Whenever "settings" occurs in a line of the material, list that line.

□ □ □ □ □

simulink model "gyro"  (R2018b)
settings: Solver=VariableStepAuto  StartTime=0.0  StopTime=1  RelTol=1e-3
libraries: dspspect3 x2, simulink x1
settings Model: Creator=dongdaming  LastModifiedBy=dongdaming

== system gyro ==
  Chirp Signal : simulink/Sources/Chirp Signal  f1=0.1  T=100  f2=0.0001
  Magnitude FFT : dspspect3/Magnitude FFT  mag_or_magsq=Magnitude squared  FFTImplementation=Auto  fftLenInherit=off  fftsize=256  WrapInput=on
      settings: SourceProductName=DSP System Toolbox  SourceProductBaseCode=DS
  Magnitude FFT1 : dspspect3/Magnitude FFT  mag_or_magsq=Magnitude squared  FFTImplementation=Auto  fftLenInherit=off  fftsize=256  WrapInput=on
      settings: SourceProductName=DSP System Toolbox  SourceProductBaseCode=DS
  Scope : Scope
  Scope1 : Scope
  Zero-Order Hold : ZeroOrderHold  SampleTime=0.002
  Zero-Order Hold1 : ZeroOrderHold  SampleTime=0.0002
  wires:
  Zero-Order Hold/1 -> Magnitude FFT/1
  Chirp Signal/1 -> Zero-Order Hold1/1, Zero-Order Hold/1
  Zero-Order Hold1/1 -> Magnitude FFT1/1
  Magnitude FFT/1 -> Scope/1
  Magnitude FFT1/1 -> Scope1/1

□ □ □ □ □

**Solution**
settings: Solver=VariableStepAuto  StartTime=0.0  StopTime=1  RelTol=1e-3
settings Model: Creator=dongdaming  LastModifiedBy=dongdaming
      settings: SourceProductName=DSP System Toolbox  SourceProductBaseCode=DS
      settings: SourceProductName=DSP System Toolbox  SourceProductBaseCode=DS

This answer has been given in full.